● EXERCISE:
Repeat the lines from the line with "1401.52,1461.71 1400.67,1462.1 z6:9" to the line with "wall to 770d0700613b5698_F2_dwelling_2" in the listing below, keeping both end lines and adding nothing.

● SUPPLIED INFORMATION:
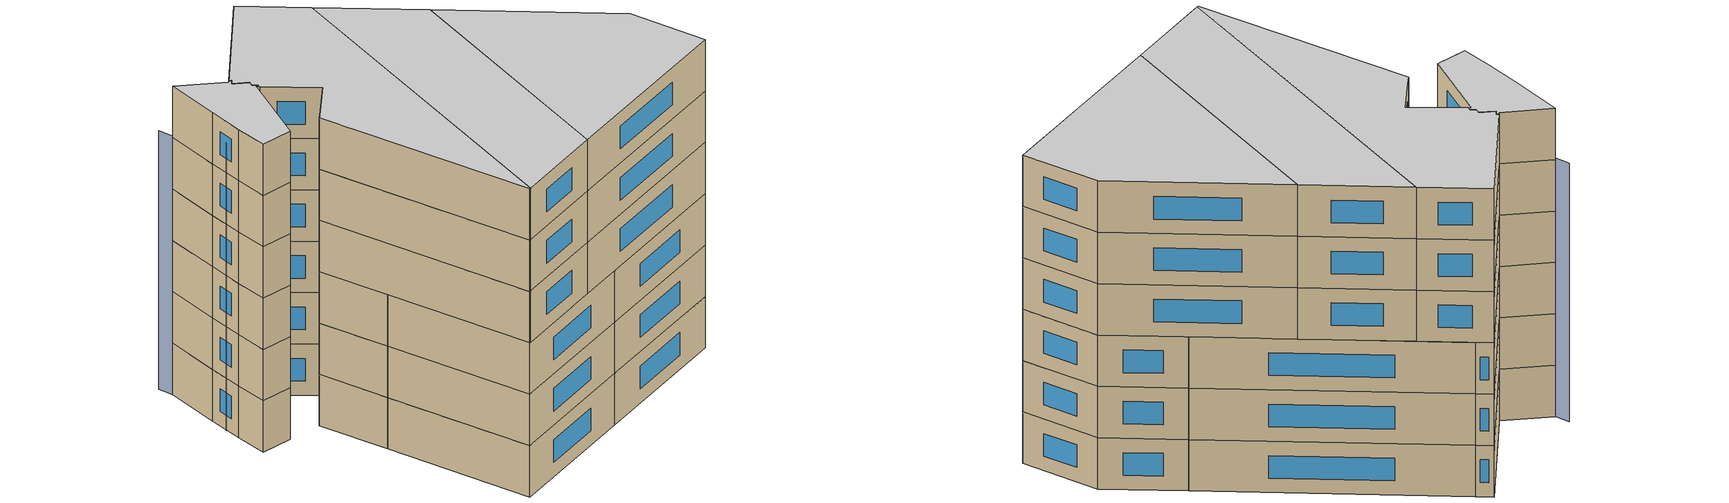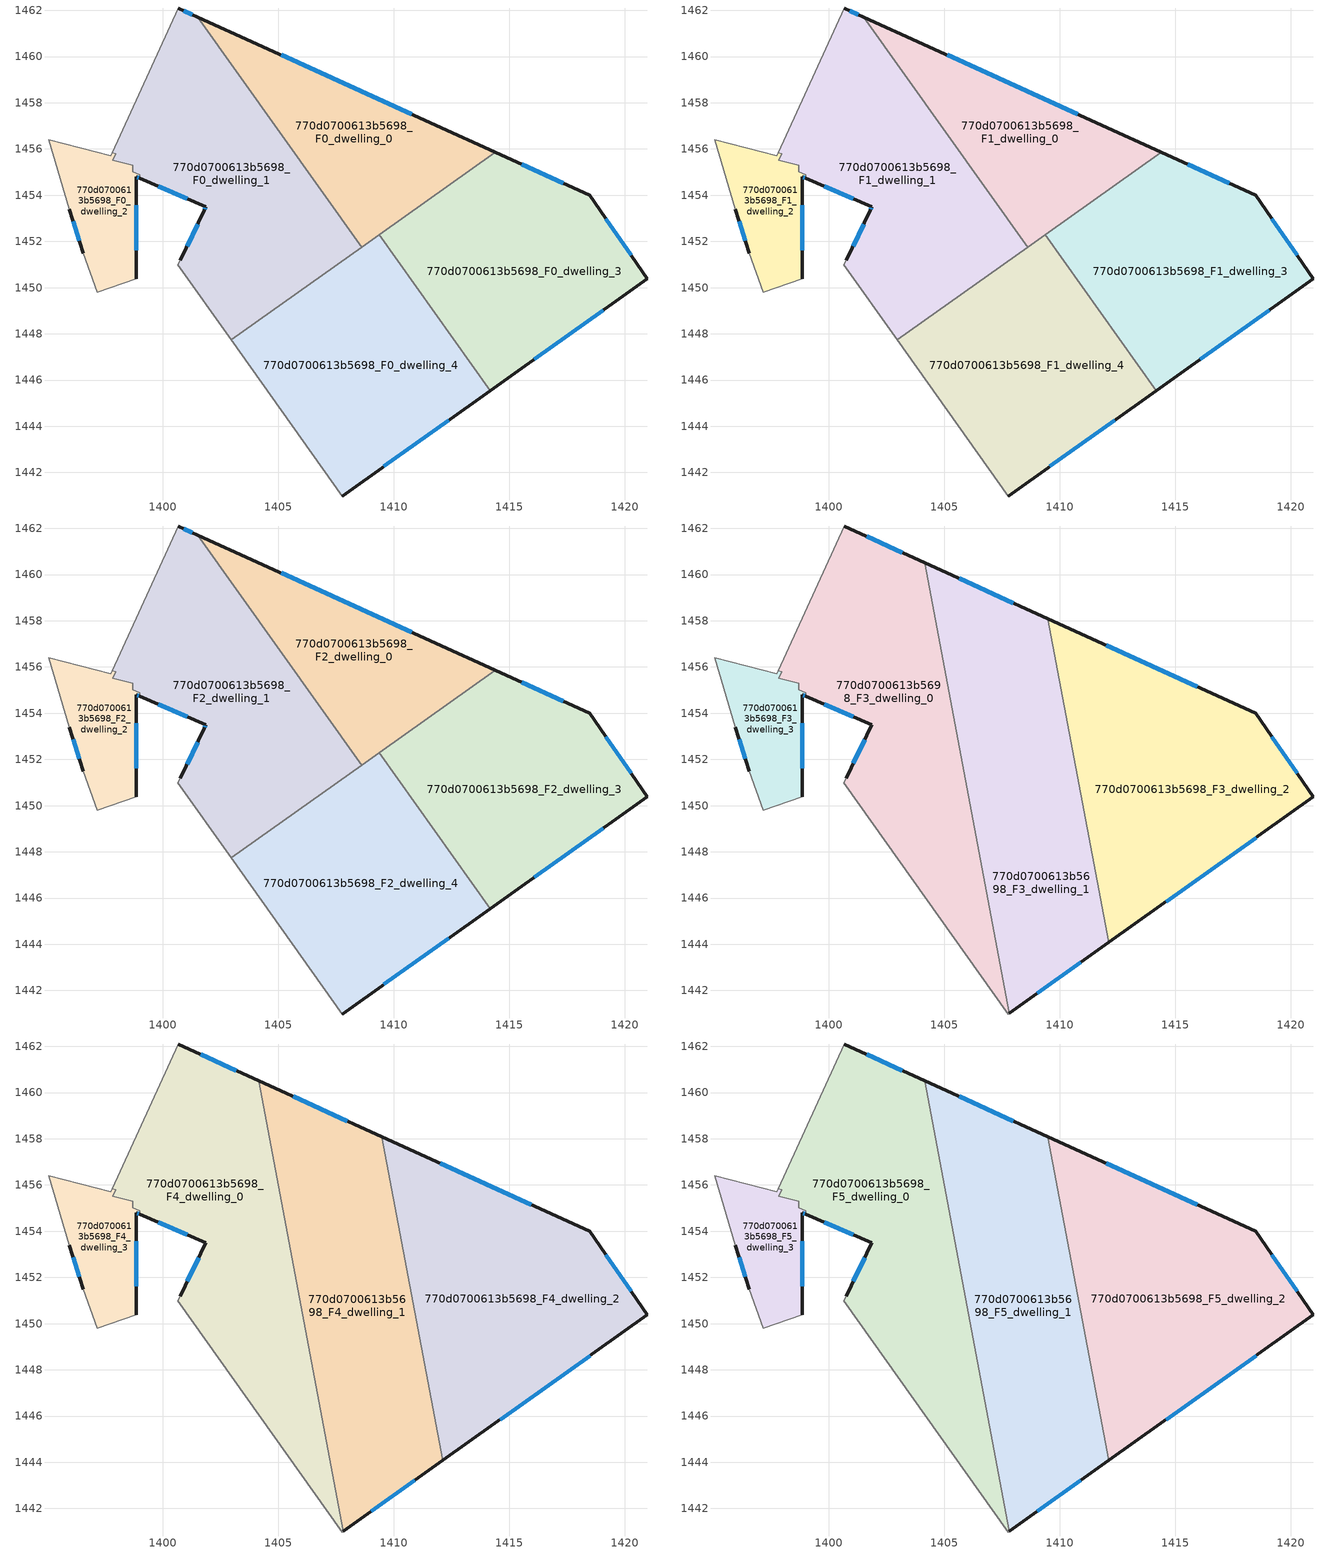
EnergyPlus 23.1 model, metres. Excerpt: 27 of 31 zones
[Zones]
770d0700613b5698_F0_dwelling_0
 floor ground (EU_floor_Construction): 1414.39,1455.85 1408.6,1451.74 1401.52,1461.71 z0
 wall outside (EU_wall_Construction): 1414.39,1455.85 1401.52,1461.71 z0:3
 wall to 770d0700613b5698_F0_dwelling_1 (EU_wall_Construction): 1401.52,1461.71 1408.6,1451.74 z0:3
 wall to 770d0700613b5698_F0_dwelling_3 (EU_wall_Construction): 1409.37,1452.29 1414.39,1455.85 z0:3
 wall to 770d0700613b5698_F0_dwelling_4 (EU_wall_Construction): 1408.6,1451.74 1409.37,1452.29 z0:3
 window (EU_Window_Construction): 1410.78,1457.49 1405.13,1460.07 z0.84:2.16
770d0700613b5698_F0_dwelling_1
 floor ground (EU_floor_Construction): 1401.52,1461.71 1408.6,1451.74 1402.97,1447.74 1400.66,1450.99 1400.76,1451.19 1401.8,1453.36 1401.86,1453.49 1399.01,1454.73 1399.01,1454.89 1398.71,1455.02 1398.71,1455.29 1397.84,1455.52 1397.97,1455.8 1397.82,1455.83 1400.67,1462.1 z0
 wall outside (EU_wall_Construction): 1399.01,1454.73 1401.86,1453.49 1401.8,1453.36 1400.76,1451.19 / 1401.52,1461.71 1400.67,1462.1 z0:3
 wall adiabatic (EU_wall_Construction): 1400.76,1451.19 1400.66,1450.99 1402.97,1447.74 / 1400.67,1462.1 1397.82,1455.83 z0:3
 wall to 770d0700613b5698_F0_dwelling_2 (EU_wall_Construction): 1397.82,1455.83 1397.97,1455.8 1397.84,1455.52 1398.71,1455.29 1398.71,1455.02 1399.01,1454.89 1399.01,1454.73 z0:3
 wall to 770d0700613b5698_F0_dwelling_4 (EU_wall_Construction): 1402.97,1447.74 1408.6,1451.74 z0:3
 window (EU_Window_Construction): 1401.51,1452.75 1401.05,1451.8 / 1401.85,1453.46 1401.82,1453.4 / 1399.81,1454.38 1401.06,1453.84 / 1401.28,1461.82 1400.91,1461.99 z0.84:2.16
770d0700613b5698_F0_dwelling_2
 floor ground (EU_floor_Construction): 1398.71,1455.29 1398.71,1455.02 1399.01,1454.89 1399.01,1454.73 1398.86,1454.79 1398.86,1450.39 1397.16,1449.79 1396.56,1451.49 1395.96,1453.39 1395.06,1456.4 1397.76,1455.7 1397.82,1455.83 1397.97,1455.8 1397.84,1455.52 z0
 wall outside (EU_wall_Construction): 1398.86,1450.39 1398.86,1454.79 1399.01,1454.73 / 1395.96,1453.39 1396.56,1451.49 z0:3
 wall adiabatic (EU_wall_Construction): 1396.56,1451.49 1397.16,1449.79 1398.86,1450.39 / 1397.82,1455.83 1397.76,1455.7 1395.06,1456.4 1395.96,1453.39 z0:3
 window (EU_Window_Construction): 1398.9,1454.78 1398.97,1454.75 / 1398.86,1451.63 1398.86,1453.56 / 1396.13,1452.86 1396.39,1452.03 z0.84:2.16
770d0700613b5698_F0_dwelling_3
 floor ground (EU_floor_Construction): 1418.48,1453.99 1420.98,1450.38 1414.17,1445.54 1409.37,1452.29 1414.39,1455.85 z0
 wall outside (EU_wall_Construction): 1414.17,1445.54 1420.98,1450.38 1418.48,1453.99 1414.39,1455.85 z0:3
 wall to 770d0700613b5698_F0_dwelling_4 (EU_wall_Construction): 1409.37,1452.29 1414.17,1445.54 z0:3
 window (EU_Window_Construction): 1417.33,1454.51 1415.53,1455.33 / 1420.28,1451.39 1419.18,1452.98 / 1416.08,1446.9 1419.07,1449.03 z0.84:2.16
770d0700613b5698_F0_dwelling_4
 floor ground (EU_floor_Construction): 1409.37,1452.29 1414.17,1445.54 1407.76,1440.98 1402.97,1447.74 z0
 wall outside (EU_wall_Construction): 1407.76,1440.98 1414.17,1445.54 z0:3
 wall adiabatic (EU_wall_Construction): 1402.97,1447.74 1407.76,1440.98 z0:3
 window (EU_Window_Construction): 1409.56,1442.26 1412.37,1444.26 z0.84:2.16
770d0700613b5698_F1_dwelling_0
 floor to 770d0700613b5698_F0_dwelling_0 (EU_floor_Construction): 1414.39,1455.85 1408.6,1451.74 1401.52,1461.71 z3
 wall outside (EU_wall_Construction): 1414.39,1455.85 1401.52,1461.71 z3:6
 wall to 770d0700613b5698_F1_dwelling_1 (EU_wall_Construction): 1401.52,1461.71 1408.6,1451.74 z3:6
 wall to 770d0700613b5698_F1_dwelling_3 (EU_wall_Construction): 1409.37,1452.29 1414.39,1455.85 z3:6
 wall to 770d0700613b5698_F1_dwelling_4 (EU_wall_Construction): 1408.6,1451.74 1409.37,1452.29 z3:6
 window (EU_Window_Construction): 1410.78,1457.49 1405.13,1460.07 z3.84:5.16
770d0700613b5698_F1_dwelling_1
 floor to 770d0700613b5698_F0_dwelling_1 (EU_floor_Construction): 1401.52,1461.71 1408.6,1451.74 1402.97,1447.74 1400.66,1450.99 1400.76,1451.19 1401.8,1453.36 1401.86,1453.49 1399.01,1454.73 1399.01,1454.89 1398.71,1455.02 1398.71,1455.29 1397.84,1455.52 1397.97,1455.8 1397.82,1455.83 1400.67,1462.1 z3
 wall outside (EU_wall_Construction): 1399.01,1454.73 1401.86,1453.49 1401.8,1453.36 1400.76,1451.19 / 1401.52,1461.71 1400.67,1462.1 z3:6
 wall adiabatic (EU_wall_Construction): 1400.76,1451.19 1400.66,1450.99 1402.97,1447.74 / 1400.67,1462.1 1397.82,1455.83 z3:6
 wall to 770d0700613b5698_F1_dwelling_2 (EU_wall_Construction): 1397.82,1455.83 1397.97,1455.8 1397.84,1455.52 1398.71,1455.29 1398.71,1455.02 1399.01,1454.89 1399.01,1454.73 z3:6
 wall to 770d0700613b5698_F1_dwelling_4 (EU_wall_Construction): 1402.97,1447.74 1408.6,1451.74 z3:6
 window (EU_Window_Construction): 1401.51,1452.75 1401.05,1451.8 / 1401.85,1453.46 1401.82,1453.4 / 1399.81,1454.38 1401.06,1453.84 / 1401.28,1461.82 1400.91,1461.99 z3.84:5.16
770d0700613b5698_F1_dwelling_2
 floor to 770d0700613b5698_F0_dwelling_2 (EU_floor_Construction): 1398.71,1455.29 1398.71,1455.02 1399.01,1454.89 1399.01,1454.73 1398.86,1454.79 1398.86,1450.39 1397.16,1449.79 1396.56,1451.49 1395.96,1453.39 1395.06,1456.4 1397.76,1455.7 1397.82,1455.83 1397.97,1455.8 1397.84,1455.52 z3
 wall outside (EU_wall_Construction): 1398.86,1450.39 1398.86,1454.79 1399.01,1454.73 / 1395.96,1453.39 1396.56,1451.49 z3:6
 wall adiabatic (EU_wall_Construction): 1396.56,1451.49 1397.16,1449.79 1398.86,1450.39 / 1397.82,1455.83 1397.76,1455.7 1395.06,1456.4 1395.96,1453.39 z3:6
 window (EU_Window_Construction): 1398.9,1454.78 1398.97,1454.75 / 1398.86,1451.63 1398.86,1453.56 / 1396.13,1452.86 1396.39,1452.03 z3.84:5.16
770d0700613b5698_F1_dwelling_3
 floor to 770d0700613b5698_F0_dwelling_3 (EU_floor_Construction): 1418.48,1453.99 1420.98,1450.38 1414.17,1445.54 1409.37,1452.29 1414.39,1455.85 z3
 wall outside (EU_wall_Construction): 1414.17,1445.54 1420.98,1450.38 1418.48,1453.99 1414.39,1455.85 z3:6
 wall to 770d0700613b5698_F1_dwelling_4 (EU_wall_Construction): 1409.37,1452.29 1414.17,1445.54 z3:6
 window (EU_Window_Construction): 1417.33,1454.51 1415.53,1455.33 / 1420.28,1451.39 1419.18,1452.98 / 1416.08,1446.9 1419.07,1449.03 z3.84:5.16
770d0700613b5698_F1_dwelling_4
 floor to 770d0700613b5698_F0_dwelling_4 (EU_floor_Construction): 1409.37,1452.29 1414.17,1445.54 1407.76,1440.98 1402.97,1447.74 z3
 wall outside (EU_wall_Construction): 1407.76,1440.98 1414.17,1445.54 z3:6
 wall adiabatic (EU_wall_Construction): 1402.97,1447.74 1407.76,1440.98 z3:6
 window (EU_Window_Construction): 1409.56,1442.26 1412.37,1444.26 z3.84:5.16
770d0700613b5698_F2_dwelling_0
 floor to 770d0700613b5698_F1_dwelling_0 (EU_floor_Construction): 1414.39,1455.85 1408.6,1451.74 1401.52,1461.71 z6
 wall outside (EU_wall_Construction): 1414.39,1455.85 1401.52,1461.71 z6:9
 wall to 770d0700613b5698_F2_dwelling_1 (EU_wall_Construction): 1401.52,1461.71 1408.6,1451.74 z6:9
 wall to 770d0700613b5698_F2_dwelling_3 (EU_wall_Construction): 1409.37,1452.29 1414.39,1455.85 z6:9
 wall to 770d0700613b5698_F2_dwelling_4 (EU_wall_Construction): 1408.6,1451.74 1409.37,1452.29 z6:9
 window (EU_Window_Construction): 1410.78,1457.49 1405.13,1460.07 z6.84:8.16
770d0700613b5698_F2_dwelling_1
 floor to 770d0700613b5698_F1_dwelling_1 (EU_floor_Construction): 1401.52,1461.71 1408.6,1451.74 1402.97,1447.74 1400.66,1450.99 1400.76,1451.19 1401.8,1453.36 1401.86,1453.49 1399.01,1454.73 1399.01,1454.89 1398.71,1455.02 1398.71,1455.29 1397.84,1455.52 1397.97,1455.8 1397.82,1455.83 1400.67,1462.1 z6
 wall outside (EU_wall_Construction): 1399.01,1454.73 1401.86,1453.49 1401.8,1453.36 1400.76,1451.19 / 1401.52,1461.71 1400.67,1462.1 z6:9
 wall adiabatic (EU_wall_Construction): 1400.76,1451.19 1400.66,1450.99 1402.97,1447.74 / 1400.67,1462.1 1397.82,1455.83 z6:9
 wall to 770d0700613b5698_F2_dwelling_2 (EU_wall_Construction): 1397.82,1455.83 1397.97,1455.8 1397.84,1455.52 1398.71,1455.29 1398.71,1455.02 1399.01,1454.89 1399.01,1454.73 z6:9
 wall to 770d0700613b5698_F2_dwelling_4 (EU_wall_Construction): 1402.97,1447.74 1408.6,1451.74 z6:9
 window (EU_Window_Construction): 1401.51,1452.75 1401.05,1451.8 / 1401.85,1453.46 1401.82,1453.4 / 1399.81,1454.38 1401.06,1453.84 / 1401.28,1461.82 1400.91,1461.99 z6.84:8.16
770d0700613b5698_F2_dwelling_2
 floor to 770d0700613b5698_F1_dwelling_2 (EU_floor_Construction): 1398.71,1455.29 1398.71,1455.02 1399.01,1454.89 1399.01,1454.73 1398.86,1454.79 1398.86,1450.39 1397.16,1449.79 1396.56,1451.49 1395.96,1453.39 1395.06,1456.4 1397.76,1455.7 1397.82,1455.83 1397.97,1455.8 1397.84,1455.52 z6
 wall outside (EU_wall_Construction): 1398.86,1450.39 1398.86,1454.79 1399.01,1454.73 / 1395.96,1453.39 1396.56,1451.49 z6:9
 wall adiabatic (EU_wall_Construction): 1396.56,1451.49 1397.16,1449.79 1398.86,1450.39 / 1397.82,1455.83 1397.76,1455.7 1395.06,1456.4 1395.96,1453.39 z6:9
 window (EU_Window_Construction): 1398.9,1454.78 1398.97,1454.75 / 1398.86,1451.63 1398.86,1453.56 / 1396.13,1452.86 1396.39,1452.03 z6.84:8.16
770d0700613b5698_F2_dwelling_3
 floor to 770d0700613b5698_F1_dwelling_3 (EU_floor_Construction): 1418.48,1453.99 1420.98,1450.38 1414.17,1445.54 1409.37,1452.29 1414.39,1455.85 z6
 wall outside (EU_wall_Construction): 1414.17,1445.54 1420.98,1450.38 1418.48,1453.99 1414.39,1455.85 z6:9
 wall to 770d0700613b5698_F2_dwelling_4 (EU_wall_Construction): 1409.37,1452.29 1414.17,1445.54 z6:9
 window (EU_Window_Construction): 1417.33,1454.51 1415.53,1455.33 / 1420.28,1451.39 1419.18,1452.98 / 1416.08,1446.9 1419.07,1449.03 z6.84:8.16
770d0700613b5698_F2_dwelling_4
 floor to 770d0700613b5698_F1_dwelling_4 (EU_floor_Construction): 1409.37,1452.29 1414.17,1445.54 1407.76,1440.98 1402.97,1447.74 z6
 wall outside (EU_wall_Construction): 1407.76,1440.98 1414.17,1445.54 z6:9
 wall adiabatic (EU_wall_Construction): 1402.97,1447.74 1407.76,1440.98 z6:9
 window (EU_Window_Construction): 1409.56,1442.26 1412.37,1444.26 z6.84:8.16
770d0700613b5698_F3_dwelling_0
 floor to 770d0700613b5698_F2_dwelling_1 (EU_floor_Construction): 1401.52,1461.71 1404.8,1457.09 1406.14,1449.99 1402.97,1447.74 1400.66,1450.99 1400.76,1451.19 1401.86,1453.49 1399.01,1454.73 1399.01,1454.89 1398.71,1455.02 1398.71,1455.29 1397.84,1455.52 1397.97,1455.8 1397.82,1455.83 1400.67,1462.1 z9
 floor to 770d0700613b5698_F2_dwelling_0 (EU_floor_Construction): 1404.16,1460.51 1404.8,1457.09 1401.52,1461.71 z9
 floor to 770d0700613b5698_F2_dwelling_4 (EU_floor_Construction): 1406.14,1449.99 1407.82,1441.02 1407.76,1440.98 1402.97,1447.74 z9
 wall outside (EU_wall_Construction): 1399.01,1454.73 1401.86,1453.49 1400.76,1451.19 / 1404.16,1460.51 1400.67,1462.1 z9:12
 wall adiabatic (EU_wall_Construction): 1400.76,1451.19 1400.66,1450.99 1407.76,1440.98 1407.82,1441.02 / 1400.67,1462.1 1397.82,1455.83 z9:12
 wall to 770d0700613b5698_F3_dwelling_3 (EU_wall_Construction): 1397.82,1455.83 1397.97,1455.8 1397.84,1455.52 1398.71,1455.29 1398.71,1455.02 1399.01,1454.89 1399.01,1454.73 z9:12
 wall to 770d0700613b5698_F3_dwelling_1 (EU_wall_Construction): 1407.82,1441.02 1404.16,1460.51 z9:12
 window (EU_Window_Construction): 1401.56,1452.85 1401.07,1451.84 / 1399.81,1454.38 1401.06,1453.84 / 1403.18,1460.95 1401.64,1461.65 z9.84:11.16
770d0700613b5698_F3_dwelling_1
 floor to 770d0700613b5698_F2_dwelling_4 (EU_floor_Construction): 1411,1450 1412.11,1444.08 1407.82,1441.02 1406.14,1449.99 1409.37,1452.29 z9
 floor to 770d0700613b5698_F2_dwelling_3 (EU_floor_Construction): 1410.43,1453.04 1411,1450 1409.37,1452.29 z9
 floor to 770d0700613b5698_F2_dwelling_0 (EU_floor_Construction): 1409.48,1458.08 1410.43,1453.04 1408.6,1451.74 1404.8,1457.09 1404.16,1460.51 z9
 floor to 770d0700613b5698_F2_dwelling_1 (EU_floor_Construction): 1404.8,1457.09 1408.6,1451.74 1406.14,1449.99 z9
 wall outside (EU_wall_Construction): 1409.48,1458.08 1404.16,1460.51 / 1407.82,1441.02 1412.11,1444.08 z9:12
 wall to 770d0700613b5698_F3_dwelling_2 (EU_wall_Construction): 1412.11,1444.08 1409.48,1458.08 z9:12
 window (EU_Window_Construction): 1407.99,1458.76 1405.65,1459.83 / 1409.02,1441.88 1410.91,1443.22 z9.84:11.16
770d0700613b5698_F3_dwelling_2
 floor to 770d0700613b5698_F2_dwelling_3 (EU_floor_Construction): 1418.48,1453.99 1420.98,1450.38 1414.17,1445.54 1411,1450 1410.43,1453.04 1414.39,1455.85 z9
 floor to 770d0700613b5698_F2_dwelling_0 (EU_floor_Construction): 1414.39,1455.85 1410.43,1453.04 1409.48,1458.08 z9
 floor to 770d0700613b5698_F2_dwelling_4 (EU_floor_Construction): 1411,1450 1414.17,1445.54 1412.11,1444.08 z9
 wall outside (EU_wall_Construction): 1412.11,1444.08 1420.98,1450.38 1418.48,1453.99 1409.48,1458.08 z9:12
 window (EU_Window_Construction): 1415.96,1455.14 1412,1456.94 / 1420.28,1451.39 1419.18,1452.98 / 1414.6,1445.84 1418.49,1448.62 z9.84:11.16
770d0700613b5698_F3_dwelling_3
 floor to 770d0700613b5698_F2_dwelling_2 (EU_floor_Construction): 1398.71,1455.29 1398.71,1455.02 1399.01,1454.89 1399.01,1454.73 1398.86,1454.79 1398.86,1450.39 1397.16,1449.79 1396.56,1451.49 1395.96,1453.39 1395.06,1456.4 1397.76,1455.7 1397.82,1455.83 1397.97,1455.8 1397.84,1455.52 z9
 wall outside (EU_wall_Construction): 1398.86,1450.39 1398.86,1454.79 1399.01,1454.73 / 1395.96,1453.39 1396.56,1451.49 z9:12
 wall adiabatic (EU_wall_Construction): 1396.56,1451.49 1397.16,1449.79 1398.86,1450.39 / 1397.82,1455.83 1397.76,1455.7 1395.06,1456.4 1395.96,1453.39 z9:12
 window (EU_Window_Construction): 1398.86,1451.63 1398.86,1453.56 / 1396.13,1452.86 1396.39,1452.03 / 1398.9,1454.78 1398.97,1454.75 z9.84:11.16
770d0700613b5698_F4_dwelling_0
 floor to 770d0700613b5698_F3_dwelling_0 (EU_floor_Construction): 1404.16,1460.51 1407.82,1441.02 1407.76,1440.98 1400.66,1450.99 1400.76,1451.19 1401.86,1453.49 1399.01,1454.73 1399.01,1454.89 1398.71,1455.02 1398.71,1455.29 1397.84,1455.52 1397.97,1455.8 1397.82,1455.83 1400.67,1462.1 z12
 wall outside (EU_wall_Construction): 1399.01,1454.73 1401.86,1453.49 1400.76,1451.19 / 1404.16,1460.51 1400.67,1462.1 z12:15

● ANSWER BOX:
 wall outside (EU_wall_Construction): 1399.01,1454.73 1401.86,1453.49 1401.8,1453.36 1400.76,1451.19 / 1401.52,1461.71 1400.67,1462.1 z6:9
 wall adiabatic (EU_wall_Construction): 1400.76,1451.19 1400.66,1450.99 1402.97,1447.74 / 1400.67,1462.1 1397.82,1455.83 z6:9
 wall to 770d0700613b5698_F2_dwelling_2 (EU_wall_Construction): 1397.82,1455.83 1397.97,1455.8 1397.84,1455.52 1398.71,1455.29 1398.71,1455.02 1399.01,1454.89 1399.01,1454.73 z6:9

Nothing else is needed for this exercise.